[Stored records]
- Opening Delimiter -

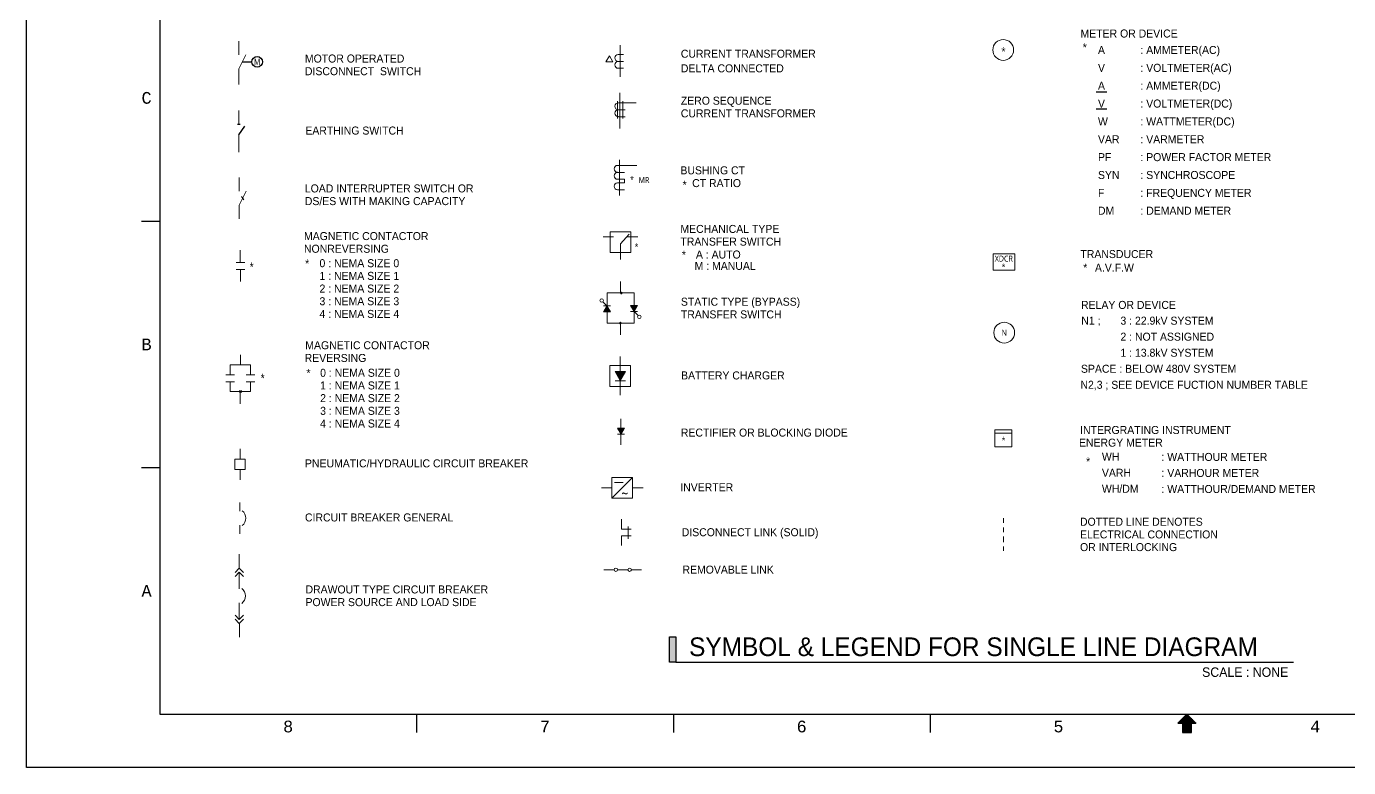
# Model space of a CAD drawing. Header units: feet. Extents: x 1 to 168002, y -59383 to 29717.
# Drawn here: x 42001 to 66781, y 17 to 13896 of the extents above; entities that cross this region are included whole.
import ezdxf
from ezdxf.enums import TextEntityAlignment as Align

# ---------------------------------------------------------------- set-up
doc = ezdxf.new("R2010")
doc.units = ezdxf.units.FT
doc.header["$LTSCALE"] = 50
doc.header["$MEASUREMENT"] = 0
doc.header["$PDMODE"] = 3
doc.header["$PDSIZE"] = 20
doc.linetypes.add('CONTINU', pattern=[0])
doc.layers.get('0').update_dxf_attribs({"linetype": 'CONTINUOUS'})
for name, color, linetype in [('111$0$E-TEXT3', 4, 'CONTINUOUS'), ('B', 8, 'CONTINUOUS'), ('E-SYM1', 3, 'CONTINUOUS'), ('E-SYM2', 3, 'CONTINUOUS'), ('E-Text-1', 2, 'CONTINUOUS')]:
    doc.layers.add(name, color=color, linetype=linetype)
doc.layers.add('Border', color=7, linetype='CONTINUOUS', lineweight=0)
doc.styles.add('TB-1$0$MONOTXT', font='monotxt_.ttf')
doc.styles.add('돋움', font='')
doc.styles.add('맑은고딕', font='', dxfattribs={"width": 1.1})
doc.styles.get('돋움').set_extended_font_data('Dotum')
doc.styles.get('맑은고딕').set_extended_font_data('Malgun Gothic')

# ---------------------------------------------------------------- blocks, each defined once
blk = doc.blocks.new('FORMAT')
at = {"layer": 'Border', "color": 0, "linetype": 'Continuous', "lineweight": 25}
for p, q in [((2500, 28700), (2500, 1000)), ((2156, 10233), (2500, 10233)), ((2156, 5617), (2500, 5617)), ((2500, 1000), (41000, 1000)), ((7312, 1000), (7312, 659)), ((12125, 1000), (12125, 659)), ((16937, 1000), (16937, 659)), ((21750, 1000), (21580, 830)), ((21920, 830), (21750, 1000)), ((21750, 1000), (21750, 659)), ((21580, 830), (21665, 830)), ((21584, 835), (21584, 830)), ((21594, 844), (21594, 830)), ((21604, 854), (21604, 830)), ((21614, 864), (21614, 830)), ((21623, 873), (21623, 830)), ((21633, 883), (21633, 830)), ((21643, 893), (21643, 830)), ((21652, 903), (21652, 830)), ((21662, 912), (21662, 830)), ((21665, 830), (21665, 659)), ((21672, 922), (21672, 659)), ((21682, 932), (21682, 659)), ((21691, 942), (21691, 659)), ((21701, 951), (21701, 659)), ((21711, 961), (21711, 659)), ((21720, 971), (21720, 659)), ((21730, 980), (21730, 659)), ((21740, 990), (21740, 659)), ((21759, 990), (21759, 659)), ((21769, 981), (21769, 659)), ((21779, 971), (21779, 659)), ((21789, 961), (21789, 659)), ((21798, 952), (21798, 659)), ((21808, 942), (21808, 659)), ((21818, 932), (21818, 659)), ((21827, 922), (21827, 659)), ((21835, 659), (21835, 830)), ((21835, 830), (21920, 830)), ((21837, 913), (21837, 830)), ((21847, 903), (21847, 830)), ((21857, 893), (21857, 830)), ((21866, 883), (21866, 830)), ((21876, 874), (21876, 830)), ((21886, 864), (21886, 830)), ((21895, 854), (21895, 830)), ((21905, 845), (21905, 830)), ((21915, 835), (21915, 830)), ((21665, 659), (21835, 659))]:
    blk.add_line(p, q, dxfattribs=at)
blk.add_lwpolyline([(0, 0), (0, 29700), (42000, 29700), (42000, 0)], close=True, dxfattribs=at)
at = {"layer": 'Border', "color": 0, "linetype": 'Continuous', "lineweight": 25, "style": 'TB-1$0$MONOTXT'}
for s, p in [('C', (2156, 12542)), ('B', (2156, 7925)), ('A', (2156, 3308))]:
    blk.add_text(s, height=220, dxfattribs=at).set_placement(p, align=Align.MIDDLE_LEFT)
for s, p in [('8', (4905, 878)), ('7', (9718, 878)), ('6', (14530, 878)), ('5', (19343, 878)), ('4', (24155, 878))]:
    blk.add_text(s, height=219, dxfattribs=at).set_placement(p, align=Align.TOP_CENTER)
blk = doc.blocks.new('TITLE')
at = {"xscale": 0.01, "yscale": 0.01, "zscale": 0.01}
blk.add_blockref('FORMAT', (0, 0), dxfattribs=at)
blk = doc.blocks.new('A04033')
at = {"layer": 'E-SYM1', "color": 3, "linetype": 'Continuous', "lineweight": 13}
for p, q in [((-0.0104, 0), (0.0104, 0)), ((-0.0104, -0.0167), (0.0104, -0.0167))]:
    blk.add_line(p, q, dxfattribs=at)
blk = doc.blocks.new('A04033_1')
at = {"layer": 'E-SYM1', "color": 3, "linetype": 'Continuous', "lineweight": 13}
for p, q in [((-0.0104, 0), (0.0104, 0)), ((-0.0104, -0.0167), (0.0104, -0.0167))]:
    blk.add_line(p, q, dxfattribs=at)
blk = doc.blocks.new('A09044')
at = {"layer": 'E-SYM1', "color": 3, "linetype": 'Continuous', "lineweight": 13}
for p, q in [((0, -0.0097), (0, -0.05)), ((0, -0.1236), (0, -0.0833))]:
    blk.add_line(p, q, dxfattribs=at)
at = {"layer": 'E-SYM1', "color": 3, "linetype": 'Continuous', "lineweight": 13, "flags": 128}
for points in [[(0.0104, -0.0104), (0, 0), (-0.0104, -0.0104)], [(0.0104, -0.0201), (0, -0.0097), (-0.0104, -0.0201)], [(-0.0104, -0.1132), (0, -0.1236), (0.0104, -0.1132)], [(-0.0104, -0.1229), (0, -0.1333), (0.0104, -0.1229)]]:
    blk.add_lwpolyline(points, dxfattribs=at)
at = {"layer": 'E-SYM1', "color": 3, "linetype": 'Continuous', "lineweight": 13, "extrusion": (0, 0, -1)}
blk.add_arc((0.0081, -0.0667), 0.0227, 127.9408, 232.0592, dxfattribs=at)
blk = doc.blocks.new('A0604H')
at = {"layer": 'E-SYM1', "color": 3, "linetype": 'Continuous', "lineweight": 13}
for p, q in [((-0.0062, 0.0208), (-0.0062, -0.0208)), ((-0.0042, 0.0167), (0.0125, 0.0167)), ((-0.0042, 0), (0.0125, 0)), ((0.0063, 0.0208), (0.0063, -0.0208)), ((-0.0042, -0.0167), (0.0125, -0.0167))]:
    blk.add_line(p, q, dxfattribs=at)
for centre in [(-0.0042, 0.0083), (-0.0042, -0.0083)]:
    blk.add_arc(centre, 0.00833, 90, 270, dxfattribs=at)
blk = doc.blocks.new('A0604G')
at = {"layer": 'E-SYM1', "color": 3, "linetype": 'Continuous', "lineweight": 13}
for p, q in [((-0.0042, 0.05), (0.0125, 0.05)), ((-0.0042, 0.0333), (0.0125, 0.0333)), ((-0.0042, 0.0167), (0.0125, 0.0167)), ((-0.0042, 0.0083), (0.0125, 0.0083)), ((0.0125, 0.0083), (0.0125, 0.0167)), ((-0.0042, -0.0083), (0.0125, -0.0083))]:
    blk.add_line(p, q, dxfattribs=at)
for centre in [(-0.0042, 0.0417), (-0.0042, 0.025), (-0.0042, 0)]:
    blk.add_arc(centre, 0.00833, 90, 270, dxfattribs=at)
blk = doc.blocks.new('A04067')
at = {"layer": 'E-SYM1', "color": 3, "linetype": 'Continuous', "lineweight": 13}
for p, q in [((-0.0167, -0.0125), (-0.0417, -0.0125)), ((0, -0.0292), (0.0208, -0.0063)), ((0, -0.0292), (0, -0.0667)), ((0.0151, -0.0125), (0.0417, -0.0125))]:
    blk.add_line(p, q, dxfattribs=at)
at = {"layer": 'E-SYM1', "color": 3, "linetype": 'Continuous', "lineweight": 13, "flags": 128}
blk.add_lwpolyline([(-0.025, 0), (-0.025, -0.05), (0.025, -0.05), (0.025, 0)], close=True, dxfattribs=at)
blk = doc.blocks.new('A16035')
at = {"layer": 'E-SYM1', "color": 3, "linetype": 'Continuous', "lineweight": 13}
for p, q in [((0, 0), (0.0098, 0.0098)), ((0, 0.0083), (0, -0.0083))]:
    blk.add_line(p, q, dxfattribs=at)
at = {"layer": 'E-SYM1', "color": 3, "linetype": 'Continuous', "lineweight": 13, "flags": 128}
for points in [[(-0.0144, 0.0083), (0, 0), (-0.0144, -0.0083), (-0.0144, 0.0083)], [(-0.0009, 0), (-0.0138, 0.0073), (-0.0138, -0.0073), (-0.0009, 0), (-0.0132, 0.0063), (-0.0132, -0.0062), (-0.0015, 0), (-0.0126, 0.0052), (-0.0126, -0.0052), (-0.0024, 0), (-0.0119, 0.0042), (-0.0119, -0.0042), (-0.0032, 0), (-0.0113, 0.0029), (-0.0113, -0.0029), (-0.004, 0), (-0.0107, 0.0017), (-0.0107, -0.0017), (-0.0048, 0), (-0.0101, 0.0006), (-0.0101, -0.0006), (-0.0059, 0)]]:
    blk.add_lwpolyline(points, dxfattribs=at)
at = {"layer": 'E-SYM1', "color": 3, "linetype": 'Continuous', "lineweight": 13}
blk.add_circle((0.0128, 0.0127), 0.00417, dxfattribs=at)
blk.add_arc((0.0125, 0.0125), 0.00313, 225.0538, 225.3154, dxfattribs=at)
blk = doc.blocks.new('A16036')
at = {"layer": 'E-SYM1', "color": 3, "linetype": 'Continuous', "lineweight": 13}
for p, q in [((-0.0104, -0.025), (-0.0187, -0.025)), ((0.0104, -0.025), (0.0187, -0.025)), ((0.0113, -0.0125), (0.0113, -0.0375))]:
    blk.add_line(p, q, dxfattribs=at)
at = {"layer": 'E-SYM1', "color": 3, "linetype": 'Continuous', "lineweight": 13, "extrusion": (0, 0, -1), "flags": 128}
for points in [[(0, 0), (0.025, 0), (0.025, -0.025), (0.025, -0.05), (0, -0.05), (-0.025, -0.05), (-0.025, -0.025), (-0.025, 0), (0, 0)], [(-0.0112, -0.025), (0.0104, -0.0125), (0.0104, -0.0375), (-0.0112, -0.025)], [(-0.0104, -0.025), (0.0098, -0.0135), (0.0098, -0.0365), (-0.0104, -0.025), (0.009, -0.015), (0.009, -0.035), (-0.0096, -0.025), (0.0081, -0.0165), (0.0081, -0.0335), (-0.0088, -0.025), (0.0073, -0.0179), (0.0073, -0.0321), (-0.0077, -0.025), (0.0065, -0.0194), (0.0065, -0.0306), (-0.0065, -0.025), (0.0056, -0.0208), (0.0056, -0.0292), (-0.0052, -0.025), (0.0048, -0.0221), (0.0048, -0.0279), (-0.0038, -0.025), (0.004, -0.0231), (0.004, -0.0269), (-0.0021, -0.025), (0.0031, -0.0242), (0.0031, -0.0258), (-0.0006, -0.025), (0.0025, -0.025), (0.0025, -0.025), (0.0104, -0.025)]]:
    blk.add_lwpolyline(points, dxfattribs=at)
blk = doc.blocks.new('A16032')
at = {"layer": 'E-SYM1', "color": 3, "linetype": 'Continuous', "lineweight": 13}
blk.add_line((0, 0.0083), (0, -0.0083), dxfattribs=at)
at = {"layer": 'E-SYM1', "color": 3, "linetype": 'Continuous', "lineweight": 13, "extrusion": (0, 0, -1), "flags": 128}
for points in [[(0.0144, 0.0083), (0, 0), (0.0144, -0.0083), (0.0144, 0.0083)], [(0.0009, 0), (0.0138, 0.0073), (0.0138, -0.0073), (0.0009, 0), (0.0132, 0.0062), (0.0132, -0.0063), (0.0015, 0), (0.0126, 0.0052), (0.0126, -0.0052), (0.0024, 0), (0.0119, 0.0042), (0.0119, -0.0042), (0.0032, 0), (0.0113, 0.0029), (0.0113, -0.0029), (0.004, 0), (0.0107, 0.0017), (0.0107, -0.0017), (0.0049, 0), (0.0101, 0.0006), (0.0101, -0.0006), (0.0059, 0)]]:
    blk.add_lwpolyline(points, dxfattribs=at)
blk = doc.blocks.new('A00062')
at = {"layer": 'E-SYM1', "color": 3, "linetype": 'Continuous', "lineweight": 13}
for radius in [0.00208, 0.00104]:
    blk.add_circle((0, 0), radius, dxfattribs=at)
blk = doc.blocks.new('A00062_1')
at = {"layer": 'E-SYM1', "color": 3, "linetype": 'Continuous', "lineweight": 13}
for radius in [0.00208, 0.00104]:
    blk.add_circle((0, 0), radius, dxfattribs=at)
blk = doc.blocks.new('A09041')
at = {"layer": 'E-SYM1', "color": 3, "linetype": 'Continuous', "lineweight": 13}
for p, q in [((0, 0), (0, 0.0208)), ((0, -0.0333), (0, -0.0542))]:
    blk.add_line(p, q, dxfattribs=at)
at = {"layer": 'E-SYM1', "color": 3, "linetype": 'Continuous', "lineweight": 13, "extrusion": (0, 0, -1)}
blk.add_arc((0.0081, -0.0167), 0.0227, 127.9408, 232.0592, dxfattribs=at)
blk = doc.blocks.new('A0604F_1')
at = {"layer": 'E-SYM1', "color": 3, "linetype": 'Continuous', "lineweight": 13}
for p, q in [((-0.0042, 0.0167), (0.0083, 0.0167)), ((-0.0042, 0), (0.0083, 0)), ((-0.0042, -0.0167), (0.0083, -0.0167))]:
    blk.add_line(p, q, dxfattribs=at)
for centre in [(-0.0042, 0.0083), (-0.0042, -0.0083)]:
    blk.add_arc(centre, 0.00833, 90, 270, dxfattribs=at)
blk = doc.blocks.new('A$C25AB1A70')
at = {"layer": 'E-SYM1', "ltscale": 0.5}
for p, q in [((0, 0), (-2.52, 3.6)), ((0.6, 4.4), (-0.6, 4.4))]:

- Closing Delimiter -

• [What this task involves]: Pull every line containing "height" out of the data above.

• [Output below]:
    blk.add_text(s, height=220, dxfattribs=at).set_placement(p, align=Align.MIDDLE_LEFT)
    blk.add_text(s, height=219, dxfattribs=at).set_placement(p, align=Align.TOP_CENTER)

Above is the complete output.